I read this news story the other day, possibly, you read it too, about a 59 year old man who was illegally video taped having sex with his 50 year old comatose wife in a nursing home – where he thought he had some privacy. Now, my first thought was kind of “um, eww.. she was comatose”.
But, here’s a few more details. They two were married in 1988. The didn’t have any kids. He went to visit her every single day, reading to her from the bible, moving her arms and legs so they wouldn’t atrophy. In thinking a little deeper on this, I almost find it sweet… He loved her so much. I can imagine he talked to her like she could hear him, he read to her like she was listening and he probably loved on her like she was still aware. Whether that’s considered illegal or not, I can see in a way, where he was coming from. We, the general public, the deciders of what’s “normal” and “acceptable” in society don’t have to see it his way, it just is.
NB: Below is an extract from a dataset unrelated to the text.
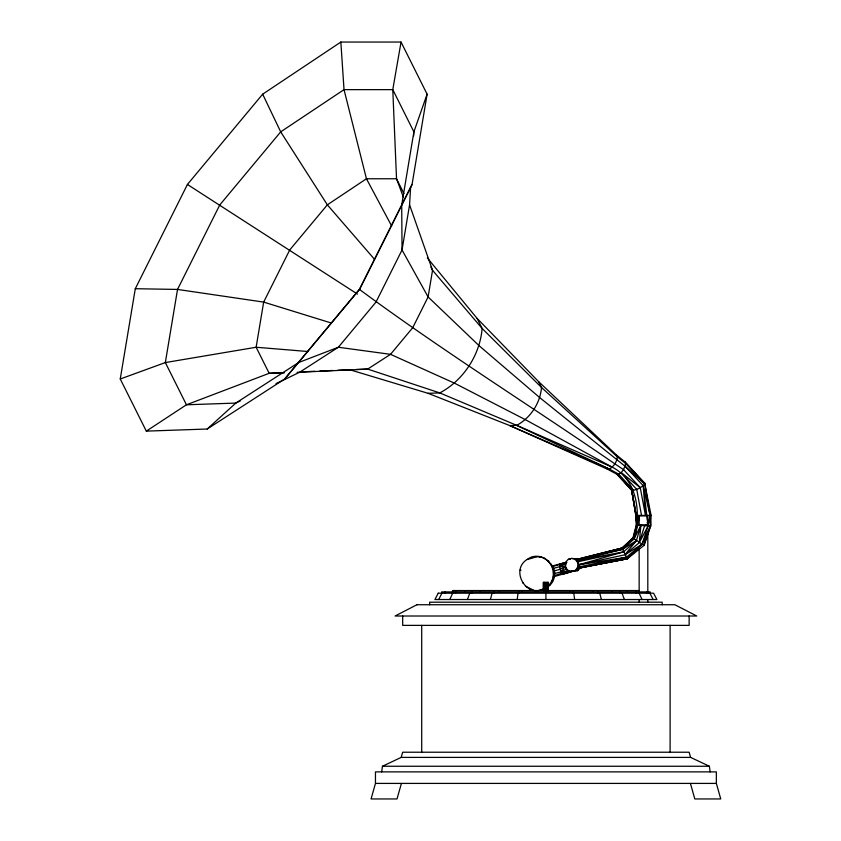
<?xml version="1.0" encoding="UTF-8"?>
<svg xmlns="http://www.w3.org/2000/svg" width="841" height="841" viewBox="0 0 841 841"><rect width="100%" height="100%" fill="white"/><g stroke="black" fill="none" stroke-linecap="round" stroke-linejoin="round"><path stroke-width="1.26" d="M427.344 257.956L477.12 318.424L538.576 381.593L616.39 454.939L624.884 461.877L644.648 482.986L651.102 515.417L650.713 526.109L644.153 545.283L627.291 558.739L577.262 568.201L574.887 570.587L571.649 571.46L568.4 570.587L566.025 568.201L565.163 564.942L566.025 561.672L568.4 559.286L571.649 558.413L577.693 559.286L571.649 558.413M275.985 383.664L299.627 372.248L338.366 347.249L375.98 302.098L402.04 249.977L409.567 204.836L410.65 186.586M413.656 135.769L413.888 131.858L427.102 94.181L401.041 42.05L340.847 42.05L262.665 94.181L187.427 184.463L135.296 288.715L120.252 378.997L146.313 431.128L207.233 429.015L284.689 378.997L359.475 289.43L412.058 184.463L427.102 94.181M547.617 587.081C565.436 574.697 544.432 546.986 527.328 559.349C509.867 569.714 526.056 598.582 543.864 588.616M547.512 586.209C558.172 578.019 553.22 559.107 540.006 556.9M575.349 570.545L569.178 572.29L567.444 571.26L565.32 566.456L566.519 562.303L552.285 565.993M338.019 370.24L349.709 369.714L428.08 393.315L509.783 425.578L607.16 469.036L616.821 474.198L631.696 490.345C636.637 490.271 641.473 487.507 644.816 483.974L644.648 482.986L650.082 515.417L650.713 526.109L640.863 525.446L639.318 542.603L624.905 554.787L579.134 564.689L577.693 570.587L571.649 571.46M563.491 573.509L570.776 571.922L553.851 576.642L554.986 573.457L553.609 568.285L552.337 566.655L566.519 562.303L559.622 566.708L553.609 568.285M381.677 771.88L382.455 766.256L401.199 757.394L690.619 757.394L709.373 766.256L710.14 771.88M517.183 599.528L518.045 593.189M562.272 573.772L562.177 574.466L574.025 570.829M207.233 429.015L235.795 403.081L298.534 362.566L338.366 347.249L390.529 354.334L454.718 383.286L525.425 419.691L612.174 467.144C637.993 480.274 641.094 513.609 634.072 538.934L622.435 549.394L577.168 560.505L576.379 559.496L622.361 547.954L626.598 544.947M616.821 474.198L618.724 474.198L621.205 472.547L623.58 469.688L625.715 463.528L624.884 461.877L644.816 483.974L625.231 466.387L539.817 397.698L479.233 345.83L428.101 296.947L402.04 249.977L401.704 204.994L413.888 131.858L392.779 89.64L401.041 42.05M574.887 570.587L577.693 570.587L580.069 568.201L578.534 568.19L627.291 558.739L642.019 544.306L648.085 525.961L650.082 515.417L643.207 485.678L625.231 466.387M624.264 481.914L631.696 490.345L635.859 515.417L636.658 525.057L633.305 537.956L622.361 547.954L576.379 559.496L622.435 549.394L632.937 537.956L636.259 525.057L636.122 515.417L631.528 489.367L624.621 481.893M645.72 539.249L643.785 545.283L632.937 537.956L622.025 547.954L627.291 558.739L633.967 552.789M490.419 599.528L492.08 593.189M577.693 570.587L577.262 568.201L578.135 564.942L577.262 561.672L574.887 559.286M690.419 783.413L694.813 798.95L720.748 798.95L716.353 783.413L716.353 771.88L375.464 771.88L375.464 783.413L371.07 798.95L397.015 798.95L401.409 783.413M401.199 757.394L402.681 752.222L689.136 752.222L690.619 757.394M636.259 525.057L640.863 525.446L636.406 540.637L624.905 554.787L642.019 544.306L650.314 526.109L650.082 515.417L651.092 515.333M643.785 545.283L650.314 526.109M467.428 599.528L469.783 593.189M449.788 599.528L452.668 593.189M640.863 525.446L634.072 538.934L637.793 525.205L638.098 515.417L639.475 520.432M412.058 184.463L359.475 289.43C442.377 350.739 529.988 405.425 614.908 463.875L623.58 469.688L640.253 487.654L645.457 515.417L643.207 485.678L648.085 525.961L639.318 542.603L644.627 525.72L647.812 524.816L647.812 515.89L639.16 515.89L639.16 524.816L647.812 524.816L648.085 525.961M438.697 599.528L441.914 593.189M577.262 568.201L579.081 564.942M566.876 562.261L559.423 564.132L559.622 566.708L565.32 566.456L561 571.88L554.986 573.457M284.689 378.997L359.927 288.715M607.16 469.036L609.347 469.036C613.762 466.597 616.937 461.877 617.336 456.831L616.39 454.939M635.775 551.097L637.583 549.394M627.291 558.739L578.671 566.918L626.293 557.289L642.019 544.306M146.313 431.128L186.45 404.784L269.173 373.309L283.459 372.668M633.609 490.345L618.724 474.198L609.347 469.036L509.783 425.578L516.668 425.346C530.524 417.977 540.237 403.123 541.52 387.491L538.576 381.593M622.435 549.394L636.406 540.637L623.496 551.896L579.134 564.689L577.168 560.505L623.496 551.896L578.23 561.672M565.32 566.456L560.232 569.294L554.576 570.776M566.035 569.126L561 571.88L562.177 574.466L569.483 570.65M529.262 559.013L536.558 556.731L540.952 557.047M240.515 400.789L235.795 403.081L186.45 404.784L165.341 362.566L177.525 289.43L219.743 204.994L280.694 131.858L344.022 89.64L392.779 89.64L396.531 178.765L403.386 197.193M565.499 563.954L559.622 566.708L560.232 569.294L561 571.88L567.444 571.26L554.724 575.601M120.252 378.997L165.341 362.566L256.137 347.249L308.184 351.538M605.047 552.831L622.361 547.954M597.909 563.88L578.797 568.18L627.628 558.739M539.575 590.371L542.823 589.741L541.877 589.583M579.134 564.689L626.293 557.289M563.333 563.691L559.423 564.132L559.896 564.826M301.646 371.859L314.639 371.28M319.832 371.049L332.826 370.471M349.709 369.714L352.274 369.62M356.132 369.493L367.675 369.094L439.811 392.915L516.668 425.346L612.174 467.144M284.405 372.784L269.173 373.309L256.137 347.249L263.664 302.098L289.725 249.977L327.349 204.836L366.445 178.765L396.531 178.765L403.901 193.504M297.094 372.342L367.675 369.094L390.529 354.334L412.721 327.706L428.101 296.947L432.537 270.308L409.567 204.836M428.08 393.315L439.811 392.915C463.412 380.363 479.938 355.081 482.135 328.453L477.12 318.424M635.323 509.215L631.528 489.367L635.859 515.417L650.082 515.417M568.4 559.286L570.272 559.286M577.262 561.672L579.102 561.672M578.135 564.942L579.996 564.942M548.448 582.403L543.37 582.403L543.37 590.55M639.255 590.55L452.563 590.55L452.563 591.917M382.455 766.256L709.373 766.256M375.464 783.413L716.353 783.413M578.534 568.19L580.069 568.201M135.296 288.715L177.525 289.43L263.664 302.098L331.407 323.049M535.612 556.574L536.558 556.731M544.169 558.34L545.105 558.498M531.291 557.415L532.227 557.572M547.806 560.831L548.742 560.979M527.328 559.349L528.264 559.496M550.687 564.174L551.622 564.322M552.6 568.148L553.536 568.306M553.42 572.5L554.366 572.647M520.074 570.093L521.01 570.24M553.105 576.915L554.04 577.063M551.654 581.089L552.59 581.247M549.173 584.758L550.119 584.905M522.492 582.834L523.428 582.981M525.362 586.177L533.068 589.898M529.01 588.658L529.946 588.805M571.207 570.587L574.456 571.46M516.668 425.346L609.347 469.036M187.427 184.463L357.467 294.098M640.253 487.654L621.205 472.547L636.732 489.367L641.515 515.417M644.816 483.974L625.715 463.528L617.336 456.831L541.52 387.491L482.135 328.453L432.537 270.308L430.897 267.017M622.897 480.022L616.863 473.483L622.603 480.043M374.581 259.396L327.349 204.836L280.694 131.858L262.665 94.181M391.696 226.082L366.445 178.765L344.022 89.64L340.847 42.05M649.904 593.189L653.121 599.528M642.03 599.528L639.149 593.189L639.16 549.057M622.046 593.189L624.39 599.528M599.738 593.189L601.41 599.528M647.223 522.471L647.812 524.816L647.297 515.417M635.796 511.696L636.269 514.177M573.772 593.189L574.634 599.528M635.859 515.417L636.259 520.232M689.136 616.011L689.136 625.378L402.681 625.378L402.681 616.011M670.109 625.378L670.109 752.222M662.193 604.732L662.193 602.198L429.635 602.198L429.635 604.732M650.167 593.189L650.167 591.917L441.662 591.917L441.662 593.189M647.812 534.003L647.812 593.021M647.812 599.507L647.812 602.198M646.613 591.917L646.613 593.189M639.16 599.507L639.16 602.198M636.195 593.189L636.08 590.55M626.755 590.55L626.755 591.917M619.628 591.917L619.628 593.189M611.922 590.55L611.922 591.917M598.035 591.917L598.035 593.189M592.59 590.55L592.59 591.917M572.889 591.917L572.889 593.189M570.072 590.55L570.072 591.917M548.364 582.403L548.364 590.55M548.111 582.403L548.111 590.55M547.701 582.403L547.701 590.55M547.176 582.403L547.176 590.55M546.566 582.403L546.566 590.55M545.914 582.403L545.914 599.528M545.252 582.403L545.252 590.55M544.642 582.403L544.642 590.55M544.116 582.403L544.116 590.55M543.717 582.403L543.717 590.55M543.465 582.403L543.465 590.55M521.746 590.55L521.746 591.917M518.929 591.917L518.929 593.189M499.239 590.55L499.239 591.917M493.783 591.917L493.783 593.189M479.906 590.55L479.906 591.917M472.19 591.917L472.19 593.189M465.073 590.55L465.073 591.917M455.748 590.55L455.748 591.917M455.622 591.917L455.622 593.189M445.204 591.917L445.204 593.189M421.709 625.378L421.709 752.222M438.245 593.189L434.913 599.528L656.905 599.528L653.573 593.189L438.245 593.189M416.947 604.732L395.07 616.011L696.747 616.011L674.871 604.732L416.947 604.732"/></g></svg>

In 2000, my husband and I lost a baby. She was stillborn – I knew it when I turned 36 weeks during the pregnancy and she was born about 5 days later. I wrote pretty in-depth about my pregnancy and the birth story at the time. It was my “therapy”. Over the first few years, I edited parts of it out, because even though the majority of the responses I received were positive, and even thankful, a handful were not and I felt so bare and judged. I wish now I’d left it alone. Anyway, the thing is, when we are in a situation that is not the “norm”, we may handle things differently than what you, who has never been in that situation, may handle it. When we lost our baby, it was my husbands first child. We didn’t know her gender… it was so hard. But we did things like dress her, hold her, take pictures… all things that in years to come, we’d have as mementos. We talk about her, we note (but don’t really celebrate) her birthday.
What sparked my thoughts on this today, was first the article about the man and his wife.. but then this morning, an article about Why infants still die from SIDS. It’s unknown. We just don’t know why. We do everything right – like our baby Jordan… no idea why. I equivalate our baby’s stillbirth with SIDS.
People do things during times of stress and heartache, they may not otherwise do or may in other times, think odd or even gross.. but who are we to judge and condemn them until we have been there? And trust me, I’d never wish a person to walk the path of heartache, loss.